The Bekaert subsidiaries in Latin America continued to deliver robust sales growth throughout the year. Sales volumes were strong, particularly in Venezuela and Peru. Bekaert also succeeded in translating cost increases into its selling prices, while currency movements had an adverse effect of -4.5%.

Combined revenues were up 8% in Latin America. Strong local currencies forced our joint ventures to adjust prices downward to successfully avert competitive imports. This affected the price levels and margins of the Brazilian activities mainly. In order to recover profitability, a cost structure improvement project was installed including a thorough restructuring in all Brazilian plants.

Asia Pacific

The quarterly sales trend in Asia-Pacific has been negative throughout 2011, despite strong growth in India and Indonesia.

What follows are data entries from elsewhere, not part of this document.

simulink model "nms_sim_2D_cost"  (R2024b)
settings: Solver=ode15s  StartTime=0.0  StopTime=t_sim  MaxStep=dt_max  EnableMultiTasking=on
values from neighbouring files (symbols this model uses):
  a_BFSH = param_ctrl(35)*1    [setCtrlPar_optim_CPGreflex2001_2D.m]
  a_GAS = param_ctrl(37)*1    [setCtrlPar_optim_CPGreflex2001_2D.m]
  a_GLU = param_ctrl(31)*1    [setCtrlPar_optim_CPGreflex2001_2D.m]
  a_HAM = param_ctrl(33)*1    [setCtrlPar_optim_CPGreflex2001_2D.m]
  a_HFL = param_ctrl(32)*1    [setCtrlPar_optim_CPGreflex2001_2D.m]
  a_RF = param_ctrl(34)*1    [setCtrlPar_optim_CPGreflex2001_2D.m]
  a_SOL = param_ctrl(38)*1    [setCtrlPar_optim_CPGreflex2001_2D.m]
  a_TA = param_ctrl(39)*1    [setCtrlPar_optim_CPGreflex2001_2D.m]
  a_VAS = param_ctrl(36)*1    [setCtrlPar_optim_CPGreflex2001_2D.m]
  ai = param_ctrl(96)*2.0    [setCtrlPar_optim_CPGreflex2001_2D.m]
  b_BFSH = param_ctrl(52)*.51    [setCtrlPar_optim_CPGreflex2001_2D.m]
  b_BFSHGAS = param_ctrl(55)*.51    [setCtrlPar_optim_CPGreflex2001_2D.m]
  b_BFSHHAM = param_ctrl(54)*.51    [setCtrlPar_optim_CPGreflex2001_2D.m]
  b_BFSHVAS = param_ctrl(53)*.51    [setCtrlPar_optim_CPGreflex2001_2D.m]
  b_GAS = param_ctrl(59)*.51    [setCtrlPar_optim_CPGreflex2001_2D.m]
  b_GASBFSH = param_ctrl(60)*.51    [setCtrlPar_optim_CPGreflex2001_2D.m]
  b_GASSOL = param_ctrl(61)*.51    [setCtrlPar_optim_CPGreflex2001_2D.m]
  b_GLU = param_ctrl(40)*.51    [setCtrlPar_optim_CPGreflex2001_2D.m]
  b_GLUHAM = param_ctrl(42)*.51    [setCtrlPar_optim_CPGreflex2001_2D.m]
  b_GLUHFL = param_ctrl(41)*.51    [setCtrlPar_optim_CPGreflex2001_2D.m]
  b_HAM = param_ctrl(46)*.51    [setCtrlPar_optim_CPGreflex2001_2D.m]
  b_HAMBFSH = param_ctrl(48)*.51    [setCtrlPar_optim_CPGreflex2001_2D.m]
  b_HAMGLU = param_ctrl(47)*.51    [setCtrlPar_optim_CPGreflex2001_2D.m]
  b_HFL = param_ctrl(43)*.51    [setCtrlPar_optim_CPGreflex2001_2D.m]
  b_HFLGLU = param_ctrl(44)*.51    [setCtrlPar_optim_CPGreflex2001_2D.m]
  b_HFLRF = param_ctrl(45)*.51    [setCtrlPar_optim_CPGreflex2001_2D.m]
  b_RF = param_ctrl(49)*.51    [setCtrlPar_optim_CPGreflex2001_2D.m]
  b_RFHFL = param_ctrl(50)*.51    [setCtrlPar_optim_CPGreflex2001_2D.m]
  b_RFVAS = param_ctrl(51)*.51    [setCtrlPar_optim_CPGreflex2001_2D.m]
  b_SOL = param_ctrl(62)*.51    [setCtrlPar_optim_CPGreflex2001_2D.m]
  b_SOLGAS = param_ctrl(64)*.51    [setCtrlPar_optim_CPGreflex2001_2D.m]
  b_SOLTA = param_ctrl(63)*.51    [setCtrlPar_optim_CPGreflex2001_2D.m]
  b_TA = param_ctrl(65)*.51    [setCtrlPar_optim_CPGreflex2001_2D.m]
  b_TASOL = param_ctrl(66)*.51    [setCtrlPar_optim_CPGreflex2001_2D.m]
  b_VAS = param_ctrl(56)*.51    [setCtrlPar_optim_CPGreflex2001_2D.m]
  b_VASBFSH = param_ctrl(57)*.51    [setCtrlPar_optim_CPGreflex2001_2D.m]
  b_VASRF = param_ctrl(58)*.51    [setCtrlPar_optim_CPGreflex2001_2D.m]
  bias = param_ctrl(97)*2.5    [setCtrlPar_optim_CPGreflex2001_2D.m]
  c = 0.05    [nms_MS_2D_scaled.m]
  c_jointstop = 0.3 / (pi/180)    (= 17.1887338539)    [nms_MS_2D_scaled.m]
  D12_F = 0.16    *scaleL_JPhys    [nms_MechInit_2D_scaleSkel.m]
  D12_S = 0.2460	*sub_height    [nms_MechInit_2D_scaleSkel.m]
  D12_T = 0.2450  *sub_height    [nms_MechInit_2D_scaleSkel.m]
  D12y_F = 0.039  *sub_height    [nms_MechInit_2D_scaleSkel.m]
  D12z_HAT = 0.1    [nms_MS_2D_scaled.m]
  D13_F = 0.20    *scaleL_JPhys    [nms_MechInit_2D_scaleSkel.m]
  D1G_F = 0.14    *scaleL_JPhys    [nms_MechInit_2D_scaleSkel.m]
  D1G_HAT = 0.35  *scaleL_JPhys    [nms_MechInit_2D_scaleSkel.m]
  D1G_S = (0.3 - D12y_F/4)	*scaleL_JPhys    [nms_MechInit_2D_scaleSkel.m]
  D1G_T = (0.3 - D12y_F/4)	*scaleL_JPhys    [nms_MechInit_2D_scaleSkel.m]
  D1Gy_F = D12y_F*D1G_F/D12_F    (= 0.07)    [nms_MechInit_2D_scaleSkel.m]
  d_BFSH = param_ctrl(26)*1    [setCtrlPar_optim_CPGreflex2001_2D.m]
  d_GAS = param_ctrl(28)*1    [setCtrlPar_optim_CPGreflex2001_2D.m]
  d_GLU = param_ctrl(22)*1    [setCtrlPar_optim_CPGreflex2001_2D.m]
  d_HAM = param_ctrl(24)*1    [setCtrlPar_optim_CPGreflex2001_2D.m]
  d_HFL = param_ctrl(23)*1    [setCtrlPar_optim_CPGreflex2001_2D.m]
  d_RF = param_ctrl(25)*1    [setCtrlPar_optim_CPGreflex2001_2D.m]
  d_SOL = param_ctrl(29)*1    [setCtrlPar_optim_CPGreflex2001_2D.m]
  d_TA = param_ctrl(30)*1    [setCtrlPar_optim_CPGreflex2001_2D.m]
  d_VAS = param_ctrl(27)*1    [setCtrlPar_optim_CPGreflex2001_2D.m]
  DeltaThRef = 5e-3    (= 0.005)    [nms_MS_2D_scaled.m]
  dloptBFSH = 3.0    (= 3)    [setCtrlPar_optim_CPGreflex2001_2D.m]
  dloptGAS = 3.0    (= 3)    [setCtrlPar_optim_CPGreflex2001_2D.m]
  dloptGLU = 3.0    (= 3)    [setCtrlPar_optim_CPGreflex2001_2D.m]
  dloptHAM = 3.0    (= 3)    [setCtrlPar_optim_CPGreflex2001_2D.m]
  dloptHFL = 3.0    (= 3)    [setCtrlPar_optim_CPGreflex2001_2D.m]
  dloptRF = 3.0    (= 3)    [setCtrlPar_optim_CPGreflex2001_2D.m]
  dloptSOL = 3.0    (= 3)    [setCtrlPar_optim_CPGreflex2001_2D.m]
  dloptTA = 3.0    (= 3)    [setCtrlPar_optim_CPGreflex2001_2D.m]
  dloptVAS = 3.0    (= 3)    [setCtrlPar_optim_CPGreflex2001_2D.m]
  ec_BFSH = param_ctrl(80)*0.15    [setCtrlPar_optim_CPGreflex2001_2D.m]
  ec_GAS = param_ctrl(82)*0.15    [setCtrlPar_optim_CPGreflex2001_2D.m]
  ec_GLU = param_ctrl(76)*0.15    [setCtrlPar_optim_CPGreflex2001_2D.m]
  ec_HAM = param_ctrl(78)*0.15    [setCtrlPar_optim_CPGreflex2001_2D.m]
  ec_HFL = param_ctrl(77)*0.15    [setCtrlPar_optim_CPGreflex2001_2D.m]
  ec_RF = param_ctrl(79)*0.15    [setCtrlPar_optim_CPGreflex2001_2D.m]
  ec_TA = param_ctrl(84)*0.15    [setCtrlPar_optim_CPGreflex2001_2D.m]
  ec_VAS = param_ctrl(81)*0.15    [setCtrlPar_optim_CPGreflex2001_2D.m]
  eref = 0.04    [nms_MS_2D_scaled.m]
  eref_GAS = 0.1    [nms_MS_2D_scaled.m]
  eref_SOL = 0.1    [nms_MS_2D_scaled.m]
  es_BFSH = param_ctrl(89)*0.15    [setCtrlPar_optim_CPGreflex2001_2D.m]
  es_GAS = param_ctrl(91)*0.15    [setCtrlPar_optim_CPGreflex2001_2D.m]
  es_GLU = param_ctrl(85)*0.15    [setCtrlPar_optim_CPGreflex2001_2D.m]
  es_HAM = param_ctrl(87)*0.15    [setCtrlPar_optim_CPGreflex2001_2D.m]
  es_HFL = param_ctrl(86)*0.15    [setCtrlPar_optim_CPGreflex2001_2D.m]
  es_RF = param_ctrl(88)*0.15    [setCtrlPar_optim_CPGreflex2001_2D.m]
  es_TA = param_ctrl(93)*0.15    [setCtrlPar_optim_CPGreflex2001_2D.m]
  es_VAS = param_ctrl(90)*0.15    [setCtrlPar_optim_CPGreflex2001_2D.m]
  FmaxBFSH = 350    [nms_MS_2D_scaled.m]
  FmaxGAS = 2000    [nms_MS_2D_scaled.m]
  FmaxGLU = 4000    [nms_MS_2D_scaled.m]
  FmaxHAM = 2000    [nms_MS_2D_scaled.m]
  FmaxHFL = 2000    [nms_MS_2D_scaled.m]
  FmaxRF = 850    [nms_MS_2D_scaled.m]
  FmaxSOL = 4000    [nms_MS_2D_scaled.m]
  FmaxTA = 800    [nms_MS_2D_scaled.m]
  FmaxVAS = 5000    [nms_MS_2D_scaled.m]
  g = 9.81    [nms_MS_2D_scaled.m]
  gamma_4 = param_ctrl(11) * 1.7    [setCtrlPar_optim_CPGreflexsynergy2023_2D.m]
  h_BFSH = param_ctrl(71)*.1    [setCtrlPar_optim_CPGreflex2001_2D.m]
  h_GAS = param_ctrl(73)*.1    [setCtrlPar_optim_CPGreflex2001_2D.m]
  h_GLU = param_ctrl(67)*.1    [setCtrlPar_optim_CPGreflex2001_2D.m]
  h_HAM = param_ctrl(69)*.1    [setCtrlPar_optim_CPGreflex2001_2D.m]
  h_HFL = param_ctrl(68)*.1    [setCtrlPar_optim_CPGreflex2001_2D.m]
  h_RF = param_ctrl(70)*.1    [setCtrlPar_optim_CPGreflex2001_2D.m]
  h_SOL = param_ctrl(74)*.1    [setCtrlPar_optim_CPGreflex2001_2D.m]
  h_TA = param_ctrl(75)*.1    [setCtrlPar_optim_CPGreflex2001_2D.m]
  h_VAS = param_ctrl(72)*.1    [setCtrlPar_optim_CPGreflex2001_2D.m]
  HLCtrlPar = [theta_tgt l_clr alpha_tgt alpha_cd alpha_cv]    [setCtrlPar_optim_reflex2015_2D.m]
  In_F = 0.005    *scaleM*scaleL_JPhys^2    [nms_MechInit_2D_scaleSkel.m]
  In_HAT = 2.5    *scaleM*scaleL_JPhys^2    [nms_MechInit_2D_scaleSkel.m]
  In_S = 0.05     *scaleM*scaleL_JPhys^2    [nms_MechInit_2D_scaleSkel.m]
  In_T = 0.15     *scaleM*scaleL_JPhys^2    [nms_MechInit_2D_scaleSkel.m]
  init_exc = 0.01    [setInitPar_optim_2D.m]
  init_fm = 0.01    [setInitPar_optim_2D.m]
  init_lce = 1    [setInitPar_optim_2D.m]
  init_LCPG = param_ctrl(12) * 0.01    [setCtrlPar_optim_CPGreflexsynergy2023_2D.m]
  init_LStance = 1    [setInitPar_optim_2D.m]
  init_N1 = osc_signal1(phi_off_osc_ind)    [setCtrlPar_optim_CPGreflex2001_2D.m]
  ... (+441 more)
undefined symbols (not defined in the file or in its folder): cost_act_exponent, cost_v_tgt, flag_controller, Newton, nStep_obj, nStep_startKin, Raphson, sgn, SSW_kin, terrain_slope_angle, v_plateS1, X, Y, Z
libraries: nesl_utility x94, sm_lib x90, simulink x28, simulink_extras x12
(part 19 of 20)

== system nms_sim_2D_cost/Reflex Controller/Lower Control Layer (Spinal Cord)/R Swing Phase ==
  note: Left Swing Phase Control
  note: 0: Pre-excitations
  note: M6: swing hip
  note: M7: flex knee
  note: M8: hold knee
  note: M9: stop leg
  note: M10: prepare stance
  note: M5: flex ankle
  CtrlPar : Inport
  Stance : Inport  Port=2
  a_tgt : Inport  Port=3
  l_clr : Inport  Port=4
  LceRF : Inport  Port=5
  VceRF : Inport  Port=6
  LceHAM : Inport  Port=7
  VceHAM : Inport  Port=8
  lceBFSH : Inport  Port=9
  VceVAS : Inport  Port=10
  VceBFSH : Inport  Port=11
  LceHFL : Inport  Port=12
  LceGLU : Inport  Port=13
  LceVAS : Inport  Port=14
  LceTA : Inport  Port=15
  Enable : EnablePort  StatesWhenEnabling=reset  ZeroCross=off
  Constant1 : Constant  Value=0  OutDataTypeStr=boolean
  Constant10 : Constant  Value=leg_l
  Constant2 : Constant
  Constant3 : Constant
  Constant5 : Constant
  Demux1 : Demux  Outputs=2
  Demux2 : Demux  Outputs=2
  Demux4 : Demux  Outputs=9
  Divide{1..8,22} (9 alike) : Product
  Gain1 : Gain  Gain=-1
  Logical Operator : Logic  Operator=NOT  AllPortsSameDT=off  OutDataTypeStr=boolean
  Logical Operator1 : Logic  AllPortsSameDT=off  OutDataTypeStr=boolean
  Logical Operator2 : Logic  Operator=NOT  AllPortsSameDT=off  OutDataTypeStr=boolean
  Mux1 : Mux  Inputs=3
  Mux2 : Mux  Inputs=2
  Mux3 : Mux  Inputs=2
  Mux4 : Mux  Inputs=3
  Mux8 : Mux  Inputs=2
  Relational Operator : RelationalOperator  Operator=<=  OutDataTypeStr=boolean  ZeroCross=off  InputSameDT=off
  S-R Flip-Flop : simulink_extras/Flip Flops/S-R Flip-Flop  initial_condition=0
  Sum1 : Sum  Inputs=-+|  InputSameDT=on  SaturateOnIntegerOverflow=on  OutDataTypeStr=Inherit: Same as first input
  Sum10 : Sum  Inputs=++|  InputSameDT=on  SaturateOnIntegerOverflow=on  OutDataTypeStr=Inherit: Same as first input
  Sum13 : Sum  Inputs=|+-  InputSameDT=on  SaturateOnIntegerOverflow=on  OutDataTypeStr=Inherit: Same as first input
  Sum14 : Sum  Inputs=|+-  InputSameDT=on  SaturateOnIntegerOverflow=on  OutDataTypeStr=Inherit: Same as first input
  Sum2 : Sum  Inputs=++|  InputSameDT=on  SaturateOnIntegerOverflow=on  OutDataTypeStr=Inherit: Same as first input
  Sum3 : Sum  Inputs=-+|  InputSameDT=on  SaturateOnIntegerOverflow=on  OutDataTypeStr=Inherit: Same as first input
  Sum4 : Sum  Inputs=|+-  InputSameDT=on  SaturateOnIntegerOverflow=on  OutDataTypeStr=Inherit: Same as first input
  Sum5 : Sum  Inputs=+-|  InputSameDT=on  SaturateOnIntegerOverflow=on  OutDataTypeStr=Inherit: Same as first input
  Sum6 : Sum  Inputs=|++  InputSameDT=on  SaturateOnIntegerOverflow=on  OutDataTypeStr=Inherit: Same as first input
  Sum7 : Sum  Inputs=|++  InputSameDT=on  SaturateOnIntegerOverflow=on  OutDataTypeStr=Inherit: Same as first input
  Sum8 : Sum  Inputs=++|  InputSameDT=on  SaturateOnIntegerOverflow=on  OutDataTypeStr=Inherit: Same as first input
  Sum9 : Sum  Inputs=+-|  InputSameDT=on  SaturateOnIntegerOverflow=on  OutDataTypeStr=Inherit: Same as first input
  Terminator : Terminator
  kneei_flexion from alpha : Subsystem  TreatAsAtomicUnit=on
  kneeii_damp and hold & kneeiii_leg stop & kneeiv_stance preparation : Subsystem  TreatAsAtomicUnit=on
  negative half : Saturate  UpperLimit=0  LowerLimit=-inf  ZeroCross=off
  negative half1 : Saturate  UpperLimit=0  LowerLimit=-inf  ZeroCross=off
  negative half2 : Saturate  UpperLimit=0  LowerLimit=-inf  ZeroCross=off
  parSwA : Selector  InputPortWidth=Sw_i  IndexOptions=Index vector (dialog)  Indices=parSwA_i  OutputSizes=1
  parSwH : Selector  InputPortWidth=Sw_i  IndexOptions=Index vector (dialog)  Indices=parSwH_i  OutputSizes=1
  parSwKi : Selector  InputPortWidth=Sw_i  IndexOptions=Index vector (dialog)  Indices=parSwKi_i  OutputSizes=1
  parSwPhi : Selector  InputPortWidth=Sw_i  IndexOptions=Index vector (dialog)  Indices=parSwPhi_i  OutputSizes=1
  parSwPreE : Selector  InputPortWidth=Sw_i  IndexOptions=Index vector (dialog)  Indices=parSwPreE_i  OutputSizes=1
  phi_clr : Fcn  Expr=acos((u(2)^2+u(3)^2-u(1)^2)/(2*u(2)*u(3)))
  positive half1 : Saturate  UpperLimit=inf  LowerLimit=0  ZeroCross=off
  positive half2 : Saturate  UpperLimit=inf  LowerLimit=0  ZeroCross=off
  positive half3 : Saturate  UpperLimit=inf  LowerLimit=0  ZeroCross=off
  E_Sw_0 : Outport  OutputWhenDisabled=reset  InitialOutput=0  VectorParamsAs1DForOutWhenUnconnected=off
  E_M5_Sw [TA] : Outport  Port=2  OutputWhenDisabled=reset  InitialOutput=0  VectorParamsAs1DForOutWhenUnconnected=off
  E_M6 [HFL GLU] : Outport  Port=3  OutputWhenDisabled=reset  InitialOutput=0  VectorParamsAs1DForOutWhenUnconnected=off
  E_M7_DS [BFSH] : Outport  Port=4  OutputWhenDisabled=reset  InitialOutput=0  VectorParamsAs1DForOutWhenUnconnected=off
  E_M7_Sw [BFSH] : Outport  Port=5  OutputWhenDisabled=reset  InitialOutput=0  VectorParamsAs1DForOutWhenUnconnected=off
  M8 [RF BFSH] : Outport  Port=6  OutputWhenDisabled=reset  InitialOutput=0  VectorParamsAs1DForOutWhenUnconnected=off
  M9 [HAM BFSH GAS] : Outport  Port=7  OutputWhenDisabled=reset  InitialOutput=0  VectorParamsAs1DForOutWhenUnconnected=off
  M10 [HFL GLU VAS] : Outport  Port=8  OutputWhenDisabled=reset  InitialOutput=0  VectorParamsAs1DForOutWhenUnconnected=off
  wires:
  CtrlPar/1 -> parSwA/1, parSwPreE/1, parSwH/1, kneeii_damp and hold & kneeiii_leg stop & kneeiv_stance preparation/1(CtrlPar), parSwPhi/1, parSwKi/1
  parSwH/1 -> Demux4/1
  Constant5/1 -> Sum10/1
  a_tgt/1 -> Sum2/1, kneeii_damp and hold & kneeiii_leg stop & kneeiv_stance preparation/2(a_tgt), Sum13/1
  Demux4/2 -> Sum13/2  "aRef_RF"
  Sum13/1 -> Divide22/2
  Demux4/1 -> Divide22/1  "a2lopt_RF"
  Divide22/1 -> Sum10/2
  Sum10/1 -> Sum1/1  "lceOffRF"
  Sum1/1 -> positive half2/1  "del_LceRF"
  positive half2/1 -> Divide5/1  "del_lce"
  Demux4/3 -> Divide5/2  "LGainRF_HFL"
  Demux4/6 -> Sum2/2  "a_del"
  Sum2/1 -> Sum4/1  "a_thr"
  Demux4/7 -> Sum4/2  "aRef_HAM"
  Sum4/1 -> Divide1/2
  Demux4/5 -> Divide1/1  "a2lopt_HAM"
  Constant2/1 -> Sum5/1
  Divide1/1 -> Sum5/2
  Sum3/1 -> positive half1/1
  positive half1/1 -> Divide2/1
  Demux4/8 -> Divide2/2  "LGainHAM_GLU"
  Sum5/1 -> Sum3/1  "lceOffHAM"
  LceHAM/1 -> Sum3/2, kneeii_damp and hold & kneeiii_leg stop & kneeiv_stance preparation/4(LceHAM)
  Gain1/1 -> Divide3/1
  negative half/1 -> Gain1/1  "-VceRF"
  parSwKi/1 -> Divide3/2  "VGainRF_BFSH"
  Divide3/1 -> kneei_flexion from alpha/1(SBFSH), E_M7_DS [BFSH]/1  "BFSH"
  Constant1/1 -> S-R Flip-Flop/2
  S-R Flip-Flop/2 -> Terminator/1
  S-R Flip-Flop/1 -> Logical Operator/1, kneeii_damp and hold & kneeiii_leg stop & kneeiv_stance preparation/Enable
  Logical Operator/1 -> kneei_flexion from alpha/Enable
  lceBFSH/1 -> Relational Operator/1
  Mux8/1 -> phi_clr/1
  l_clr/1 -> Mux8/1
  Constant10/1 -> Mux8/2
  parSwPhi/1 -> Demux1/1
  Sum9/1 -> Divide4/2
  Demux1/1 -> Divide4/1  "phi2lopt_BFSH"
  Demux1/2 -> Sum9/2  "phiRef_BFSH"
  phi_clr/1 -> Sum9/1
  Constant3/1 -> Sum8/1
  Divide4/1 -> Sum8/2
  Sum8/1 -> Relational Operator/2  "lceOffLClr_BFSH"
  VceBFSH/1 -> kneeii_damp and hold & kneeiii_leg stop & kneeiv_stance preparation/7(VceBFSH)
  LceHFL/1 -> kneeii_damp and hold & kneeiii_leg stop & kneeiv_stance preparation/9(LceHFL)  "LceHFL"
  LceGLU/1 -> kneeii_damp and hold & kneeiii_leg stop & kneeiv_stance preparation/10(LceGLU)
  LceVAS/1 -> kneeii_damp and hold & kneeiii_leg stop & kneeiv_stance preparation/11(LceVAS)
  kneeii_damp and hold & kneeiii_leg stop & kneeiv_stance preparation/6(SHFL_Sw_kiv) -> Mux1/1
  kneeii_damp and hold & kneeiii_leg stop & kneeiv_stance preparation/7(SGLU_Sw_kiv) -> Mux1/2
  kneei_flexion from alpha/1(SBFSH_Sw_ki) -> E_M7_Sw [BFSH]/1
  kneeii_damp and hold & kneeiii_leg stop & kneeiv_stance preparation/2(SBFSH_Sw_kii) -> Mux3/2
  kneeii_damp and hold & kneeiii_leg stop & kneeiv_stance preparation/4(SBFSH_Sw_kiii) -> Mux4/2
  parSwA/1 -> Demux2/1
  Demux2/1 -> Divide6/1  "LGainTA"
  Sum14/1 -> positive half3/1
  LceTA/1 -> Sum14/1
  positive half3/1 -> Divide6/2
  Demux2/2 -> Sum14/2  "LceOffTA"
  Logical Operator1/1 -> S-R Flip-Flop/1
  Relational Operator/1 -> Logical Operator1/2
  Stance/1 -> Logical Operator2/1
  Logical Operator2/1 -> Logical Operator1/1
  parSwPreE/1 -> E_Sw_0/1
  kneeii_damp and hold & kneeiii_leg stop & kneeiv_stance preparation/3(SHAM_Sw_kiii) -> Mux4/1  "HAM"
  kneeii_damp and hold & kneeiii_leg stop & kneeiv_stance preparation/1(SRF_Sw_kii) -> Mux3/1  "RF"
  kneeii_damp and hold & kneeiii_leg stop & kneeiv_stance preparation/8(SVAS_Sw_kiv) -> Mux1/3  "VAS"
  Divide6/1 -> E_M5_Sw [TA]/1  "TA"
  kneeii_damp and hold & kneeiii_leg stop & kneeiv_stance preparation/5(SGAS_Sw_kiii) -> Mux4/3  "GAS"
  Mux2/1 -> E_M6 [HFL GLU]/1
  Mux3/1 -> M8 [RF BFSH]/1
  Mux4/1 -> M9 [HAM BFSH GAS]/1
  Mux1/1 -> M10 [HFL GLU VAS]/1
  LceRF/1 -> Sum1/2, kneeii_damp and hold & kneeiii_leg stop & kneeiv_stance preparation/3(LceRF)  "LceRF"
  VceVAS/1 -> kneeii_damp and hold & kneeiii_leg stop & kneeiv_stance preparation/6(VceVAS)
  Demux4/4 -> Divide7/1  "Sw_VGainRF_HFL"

The segment’s overall volume increase over 2010 was more than offset by a negative product mix and an overall growth slowdown in China. Showing zero growth, the Chinese truck tire market is one example of China’s rapidly maturing industrial base with limited growth perspectives in a highly competitive environment.
In addition, the drastic change of the sawing wire business in the second half of 2011 drove sales and profits in China considerably down from last year. Initiatives taken in December 2011 to rightsize Bekaert’s sawing wire manufacturing footprint there are reflected in non-recurring items.